_What to produce:_
All of the data goes into your copy exactly as written. Images do not.

_The input:_
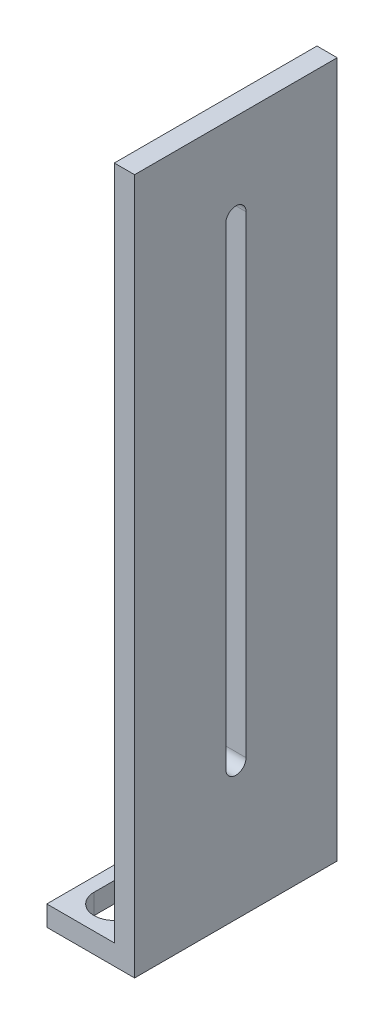
from build123d import *

# Parameters (mm, degrees)
SKETCH_5_W          = 10
SKETCH_5_H          = 30
EXTRUDE_5_DEPTH     = 3
SKETCH_6_W          = 30
SKETCH_6_H          = 100
SKETCH_6_H_2        = 3
EXTRUDE_6_DEPTH     = 3
CUT_EXTRUDE_2_DEPTH = 3


with BuildPart() as part:
    # 草图5 → 凸台-拉伸5 (new body)
    with BuildSketch(Plane(origin=(0, 0, 0), x_dir=(1, 0, 0), z_dir=(0, 1, 0))):
        with Locations((5, -15)):
            Rectangle(SKETCH_5_W, SKETCH_5_H)
        with BuildLine():
            Line((8, -5), (8, -25))
            ThreePointArc((8, -25), (5, -28), (2, -25))
            Line((2, -25), (2, -5))
            ThreePointArc((2, -5), (5, -2), (8, -5))
        make_face(mode=Mode.SUBTRACT)
    extrude(amount=EXTRUDE_5_DEPTH)

    # 草图6 → 凸台-拉伸6 (add)
    with BuildSketch(Plane(origin=(10, 0, 0), x_dir=(0, 0, -1), z_dir=(1, 0, 0))):
        with Locations((-15, 53)):
            Rectangle(SKETCH_6_W, SKETCH_6_H)
        with Locations((-15, 1.5)):
            Rectangle(SKETCH_6_W, SKETCH_6_H_2)
    extrude(amount=EXTRUDE_6_DEPTH)

    # 草图7 → 切除-拉伸2 (cut)
    with BuildSketch(Plane.ZY.offset(-10)):
        with BuildLine():
            Line((16.5, 90), (16.5, 20))
            ThreePointArc((16.5, 20), (15, 18.5), (13.5, 20))
            Line((13.5, 20), (13.5, 90))
            ThreePointArc((13.5, 90), (15, 91.5), (16.5, 90))
        make_face()
    extrude(amount=-CUT_EXTRUDE_2_DEPTH, mode=Mode.SUBTRACT)


solid = part.part

_Response area:_
from build123d import *

# Parameters (mm, degrees)
SKETCH_5_W          = 10
SKETCH_5_H          = 30
EXTRUDE_5_DEPTH     = 3
SKETCH_6_W          = 30
SKETCH_6_H          = 100
SKETCH_6_H_2        = 3
EXTRUDE_6_DEPTH     = 3
CUT_EXTRUDE_2_DEPTH = 3


with BuildPart() as part:
    # 草图5 → 凸台-拉伸5 (new body)
    with BuildSketch(Plane(origin=(0, 0, 0), x_dir=(1, 0, 0), z_dir=(0, 1, 0))):
        with Locations((5, -15)):
            Rectangle(SKETCH_5_W, SKETCH_5_H)
        with BuildLine():
            Line((8, -5), (8, -25))
            ThreePointArc((8, -25), (5, -28), (2, -25))
            Line((2, -25), (2, -5))
            ThreePointArc((2, -5), (5, -2), (8, -5))
        make_face(mode=Mode.SUBTRACT)
    extrude(amount=EXTRUDE_5_DEPTH)

    # 草图6 → 凸台-拉伸6 (add)
    with BuildSketch(Plane(origin=(10, 0, 0), x_dir=(0, 0, -1), z_dir=(1, 0, 0))):
        with Locations((-15, 53)):
            Rectangle(SKETCH_6_W, SKETCH_6_H)
        with Locations((-15, 1.5)):
            Rectangle(SKETCH_6_W, SKETCH_6_H_2)
    extrude(amount=EXTRUDE_6_DEPTH)

    # 草图7 → 切除-拉伸2 (cut)
    with BuildSketch(Plane.ZY.offset(-10)):
        with BuildLine():
            Line((16.5, 90), (16.5, 20))
            ThreePointArc((16.5, 20), (15, 18.5), (13.5, 20))
            Line((13.5, 20), (13.5, 90))
            ThreePointArc((13.5, 90), (15, 91.5), (16.5, 90))
        make_face()
    extrude(amount=-CUT_EXTRUDE_2_DEPTH, mode=Mode.SUBTRACT)


solid = part.part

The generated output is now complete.